___ Records provided

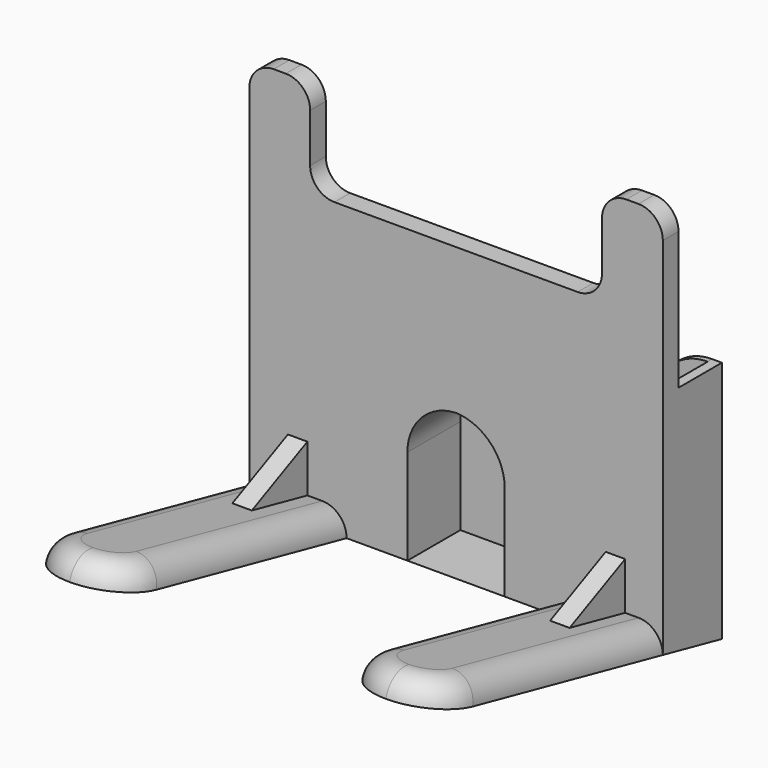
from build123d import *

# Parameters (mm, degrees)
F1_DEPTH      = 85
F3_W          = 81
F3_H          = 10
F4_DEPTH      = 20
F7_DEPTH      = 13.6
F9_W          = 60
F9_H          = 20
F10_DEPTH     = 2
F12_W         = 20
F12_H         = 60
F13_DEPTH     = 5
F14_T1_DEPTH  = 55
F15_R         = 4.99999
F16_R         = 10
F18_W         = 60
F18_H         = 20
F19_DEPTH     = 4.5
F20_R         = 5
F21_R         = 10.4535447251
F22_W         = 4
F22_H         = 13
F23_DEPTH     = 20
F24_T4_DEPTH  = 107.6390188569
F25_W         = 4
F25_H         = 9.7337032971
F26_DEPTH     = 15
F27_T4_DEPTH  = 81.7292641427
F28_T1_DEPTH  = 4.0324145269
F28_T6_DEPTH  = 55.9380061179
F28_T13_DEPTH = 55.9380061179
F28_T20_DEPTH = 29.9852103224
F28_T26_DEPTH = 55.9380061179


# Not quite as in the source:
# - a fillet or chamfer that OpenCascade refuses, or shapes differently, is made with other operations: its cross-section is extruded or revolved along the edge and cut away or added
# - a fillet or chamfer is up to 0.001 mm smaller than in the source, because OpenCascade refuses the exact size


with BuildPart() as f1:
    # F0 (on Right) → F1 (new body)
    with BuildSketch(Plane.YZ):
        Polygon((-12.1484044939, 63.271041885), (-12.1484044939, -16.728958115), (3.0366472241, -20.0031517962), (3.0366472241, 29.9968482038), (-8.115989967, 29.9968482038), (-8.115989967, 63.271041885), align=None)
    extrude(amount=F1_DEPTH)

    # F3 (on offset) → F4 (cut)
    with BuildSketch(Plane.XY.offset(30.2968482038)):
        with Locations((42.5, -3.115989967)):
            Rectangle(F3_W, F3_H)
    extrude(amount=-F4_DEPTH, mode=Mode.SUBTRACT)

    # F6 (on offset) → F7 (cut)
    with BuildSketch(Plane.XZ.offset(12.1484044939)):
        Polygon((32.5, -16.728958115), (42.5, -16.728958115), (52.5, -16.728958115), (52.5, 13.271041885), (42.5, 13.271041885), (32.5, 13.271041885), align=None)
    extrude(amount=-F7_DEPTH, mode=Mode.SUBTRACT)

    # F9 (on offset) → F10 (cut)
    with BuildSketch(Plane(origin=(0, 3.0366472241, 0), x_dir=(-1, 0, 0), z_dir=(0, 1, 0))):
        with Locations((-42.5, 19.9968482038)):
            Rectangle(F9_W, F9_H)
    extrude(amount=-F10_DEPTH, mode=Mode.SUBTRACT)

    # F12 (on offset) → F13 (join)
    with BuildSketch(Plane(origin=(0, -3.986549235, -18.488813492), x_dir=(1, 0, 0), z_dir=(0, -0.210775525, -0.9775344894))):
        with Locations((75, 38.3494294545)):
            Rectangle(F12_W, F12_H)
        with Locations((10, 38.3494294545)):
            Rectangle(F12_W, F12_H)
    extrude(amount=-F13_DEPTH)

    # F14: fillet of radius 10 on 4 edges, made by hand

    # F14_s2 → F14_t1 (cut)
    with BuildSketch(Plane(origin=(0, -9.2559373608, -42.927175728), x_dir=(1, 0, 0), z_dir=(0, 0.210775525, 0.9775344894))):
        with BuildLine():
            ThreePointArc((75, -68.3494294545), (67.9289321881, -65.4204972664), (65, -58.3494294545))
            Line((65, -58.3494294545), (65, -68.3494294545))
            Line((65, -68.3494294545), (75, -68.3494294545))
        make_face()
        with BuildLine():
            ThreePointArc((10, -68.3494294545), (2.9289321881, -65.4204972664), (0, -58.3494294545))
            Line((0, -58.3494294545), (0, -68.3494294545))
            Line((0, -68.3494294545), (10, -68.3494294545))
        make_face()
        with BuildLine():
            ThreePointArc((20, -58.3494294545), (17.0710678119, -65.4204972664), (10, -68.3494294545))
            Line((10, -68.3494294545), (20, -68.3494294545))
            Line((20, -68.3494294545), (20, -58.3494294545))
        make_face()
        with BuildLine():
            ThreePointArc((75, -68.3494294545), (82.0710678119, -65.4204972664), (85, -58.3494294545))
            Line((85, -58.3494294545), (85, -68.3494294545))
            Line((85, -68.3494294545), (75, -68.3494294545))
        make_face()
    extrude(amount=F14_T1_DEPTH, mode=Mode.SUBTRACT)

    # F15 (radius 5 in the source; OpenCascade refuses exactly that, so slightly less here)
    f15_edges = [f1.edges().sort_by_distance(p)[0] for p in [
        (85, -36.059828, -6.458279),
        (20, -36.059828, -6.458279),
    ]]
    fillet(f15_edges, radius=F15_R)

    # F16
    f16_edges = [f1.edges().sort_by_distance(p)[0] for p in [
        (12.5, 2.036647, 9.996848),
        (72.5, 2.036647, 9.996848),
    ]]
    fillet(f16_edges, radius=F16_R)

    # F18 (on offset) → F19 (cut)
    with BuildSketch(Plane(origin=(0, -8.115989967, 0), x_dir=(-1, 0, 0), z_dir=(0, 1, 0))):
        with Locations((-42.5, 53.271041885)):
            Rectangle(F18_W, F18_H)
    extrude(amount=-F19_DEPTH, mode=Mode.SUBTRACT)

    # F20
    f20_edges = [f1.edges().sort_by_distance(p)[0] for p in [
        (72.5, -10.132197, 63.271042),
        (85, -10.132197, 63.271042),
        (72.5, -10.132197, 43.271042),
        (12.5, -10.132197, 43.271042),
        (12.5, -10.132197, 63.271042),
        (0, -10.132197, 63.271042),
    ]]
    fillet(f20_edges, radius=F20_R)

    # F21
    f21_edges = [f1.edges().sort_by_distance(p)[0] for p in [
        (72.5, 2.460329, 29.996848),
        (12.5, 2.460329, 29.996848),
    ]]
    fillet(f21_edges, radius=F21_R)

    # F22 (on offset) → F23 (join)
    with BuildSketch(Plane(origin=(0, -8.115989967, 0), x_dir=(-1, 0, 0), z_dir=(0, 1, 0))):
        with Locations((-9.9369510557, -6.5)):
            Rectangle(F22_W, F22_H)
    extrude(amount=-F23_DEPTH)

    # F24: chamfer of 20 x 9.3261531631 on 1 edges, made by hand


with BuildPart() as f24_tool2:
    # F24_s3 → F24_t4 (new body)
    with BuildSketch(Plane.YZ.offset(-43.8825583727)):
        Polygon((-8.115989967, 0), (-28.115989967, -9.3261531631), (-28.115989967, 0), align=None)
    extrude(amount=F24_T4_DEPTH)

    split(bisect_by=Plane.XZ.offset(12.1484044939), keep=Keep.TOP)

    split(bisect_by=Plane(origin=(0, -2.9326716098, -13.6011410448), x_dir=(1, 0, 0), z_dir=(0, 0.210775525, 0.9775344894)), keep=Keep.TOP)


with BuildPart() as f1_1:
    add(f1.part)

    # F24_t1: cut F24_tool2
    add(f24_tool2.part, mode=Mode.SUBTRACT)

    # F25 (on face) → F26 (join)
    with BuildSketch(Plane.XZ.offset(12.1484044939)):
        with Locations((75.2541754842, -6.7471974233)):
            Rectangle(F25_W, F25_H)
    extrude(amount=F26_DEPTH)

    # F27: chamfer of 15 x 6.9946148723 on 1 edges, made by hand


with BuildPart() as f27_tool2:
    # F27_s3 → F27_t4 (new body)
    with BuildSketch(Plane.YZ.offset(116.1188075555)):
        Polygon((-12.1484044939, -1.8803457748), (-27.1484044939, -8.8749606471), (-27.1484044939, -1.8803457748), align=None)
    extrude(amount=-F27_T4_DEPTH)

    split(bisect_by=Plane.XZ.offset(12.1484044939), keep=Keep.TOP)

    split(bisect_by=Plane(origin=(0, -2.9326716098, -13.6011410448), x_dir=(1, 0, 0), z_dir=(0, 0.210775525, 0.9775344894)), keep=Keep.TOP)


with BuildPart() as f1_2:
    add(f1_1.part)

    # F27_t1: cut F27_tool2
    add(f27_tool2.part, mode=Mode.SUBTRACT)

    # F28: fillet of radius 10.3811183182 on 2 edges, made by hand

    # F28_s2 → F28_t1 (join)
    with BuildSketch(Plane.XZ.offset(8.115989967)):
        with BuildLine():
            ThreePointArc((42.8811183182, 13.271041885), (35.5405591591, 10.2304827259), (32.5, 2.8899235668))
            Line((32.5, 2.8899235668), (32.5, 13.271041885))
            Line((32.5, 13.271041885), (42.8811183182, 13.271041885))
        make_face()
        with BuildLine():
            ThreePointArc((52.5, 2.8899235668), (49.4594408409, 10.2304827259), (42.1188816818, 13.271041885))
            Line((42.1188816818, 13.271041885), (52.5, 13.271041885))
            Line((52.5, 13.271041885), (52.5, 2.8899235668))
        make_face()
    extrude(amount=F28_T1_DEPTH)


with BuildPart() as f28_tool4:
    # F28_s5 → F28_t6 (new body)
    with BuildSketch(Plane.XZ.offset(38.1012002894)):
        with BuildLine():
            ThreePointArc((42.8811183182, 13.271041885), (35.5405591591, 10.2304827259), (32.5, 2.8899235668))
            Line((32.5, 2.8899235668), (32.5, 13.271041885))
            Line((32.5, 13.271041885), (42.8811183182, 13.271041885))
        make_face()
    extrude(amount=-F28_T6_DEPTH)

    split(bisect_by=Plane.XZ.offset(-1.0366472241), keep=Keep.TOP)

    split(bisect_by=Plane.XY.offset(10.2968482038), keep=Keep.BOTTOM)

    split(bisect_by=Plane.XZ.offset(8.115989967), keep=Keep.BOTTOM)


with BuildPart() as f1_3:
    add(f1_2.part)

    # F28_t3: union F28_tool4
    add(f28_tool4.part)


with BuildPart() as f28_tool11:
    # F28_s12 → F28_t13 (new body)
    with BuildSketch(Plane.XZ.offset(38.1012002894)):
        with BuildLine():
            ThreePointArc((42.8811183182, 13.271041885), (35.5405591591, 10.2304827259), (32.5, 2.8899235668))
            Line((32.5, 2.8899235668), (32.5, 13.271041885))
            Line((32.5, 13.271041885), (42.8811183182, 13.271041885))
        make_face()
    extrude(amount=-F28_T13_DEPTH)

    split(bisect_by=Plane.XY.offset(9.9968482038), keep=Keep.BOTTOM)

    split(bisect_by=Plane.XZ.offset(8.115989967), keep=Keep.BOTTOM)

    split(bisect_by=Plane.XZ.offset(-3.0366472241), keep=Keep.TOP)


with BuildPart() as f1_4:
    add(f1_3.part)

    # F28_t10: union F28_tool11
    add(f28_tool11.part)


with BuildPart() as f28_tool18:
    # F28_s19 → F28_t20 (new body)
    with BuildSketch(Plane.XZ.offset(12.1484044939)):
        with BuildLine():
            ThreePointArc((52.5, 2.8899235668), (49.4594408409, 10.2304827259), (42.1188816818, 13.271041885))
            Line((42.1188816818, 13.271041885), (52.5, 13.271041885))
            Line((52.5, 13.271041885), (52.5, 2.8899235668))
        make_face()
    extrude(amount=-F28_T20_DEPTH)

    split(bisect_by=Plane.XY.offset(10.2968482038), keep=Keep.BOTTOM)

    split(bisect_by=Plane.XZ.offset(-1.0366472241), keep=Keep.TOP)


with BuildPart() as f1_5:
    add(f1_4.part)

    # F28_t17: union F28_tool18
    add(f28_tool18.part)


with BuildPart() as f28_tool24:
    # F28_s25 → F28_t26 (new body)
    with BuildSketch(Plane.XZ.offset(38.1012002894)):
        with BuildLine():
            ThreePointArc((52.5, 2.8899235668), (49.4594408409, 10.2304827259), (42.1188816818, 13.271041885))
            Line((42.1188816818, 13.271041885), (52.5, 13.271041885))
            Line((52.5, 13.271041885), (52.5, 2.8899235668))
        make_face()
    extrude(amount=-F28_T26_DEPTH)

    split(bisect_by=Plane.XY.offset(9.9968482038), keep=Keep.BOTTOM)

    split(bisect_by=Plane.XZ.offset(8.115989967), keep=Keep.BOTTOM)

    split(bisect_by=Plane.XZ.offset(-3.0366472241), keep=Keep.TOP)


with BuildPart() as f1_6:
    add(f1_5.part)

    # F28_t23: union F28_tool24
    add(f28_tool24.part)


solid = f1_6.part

______

Aim of the exercise :: Take every line from the data above that holds "Polygon" and copy it out.

Answer box ::
        Polygon((-12.1484044939, 63.271041885), (-12.1484044939, -16.728958115), (3.0366472241, -20.0031517962), (3.0366472241, 29.9968482038), (-8.115989967, 29.9968482038), (-8.115989967, 63.271041885), align=None)
        Polygon((32.5, -16.728958115), (42.5, -16.728958115), (52.5, -16.728958115), (52.5, 13.271041885), (42.5, 13.271041885), (32.5, 13.271041885), align=None)
        Polygon((-8.115989967, 0), (-28.115989967, -9.3261531631), (-28.115989967, 0), align=None)
        Polygon((-12.1484044939, -1.8803457748), (-27.1484044939, -8.8749606471), (-27.1484044939, -1.8803457748), align=None)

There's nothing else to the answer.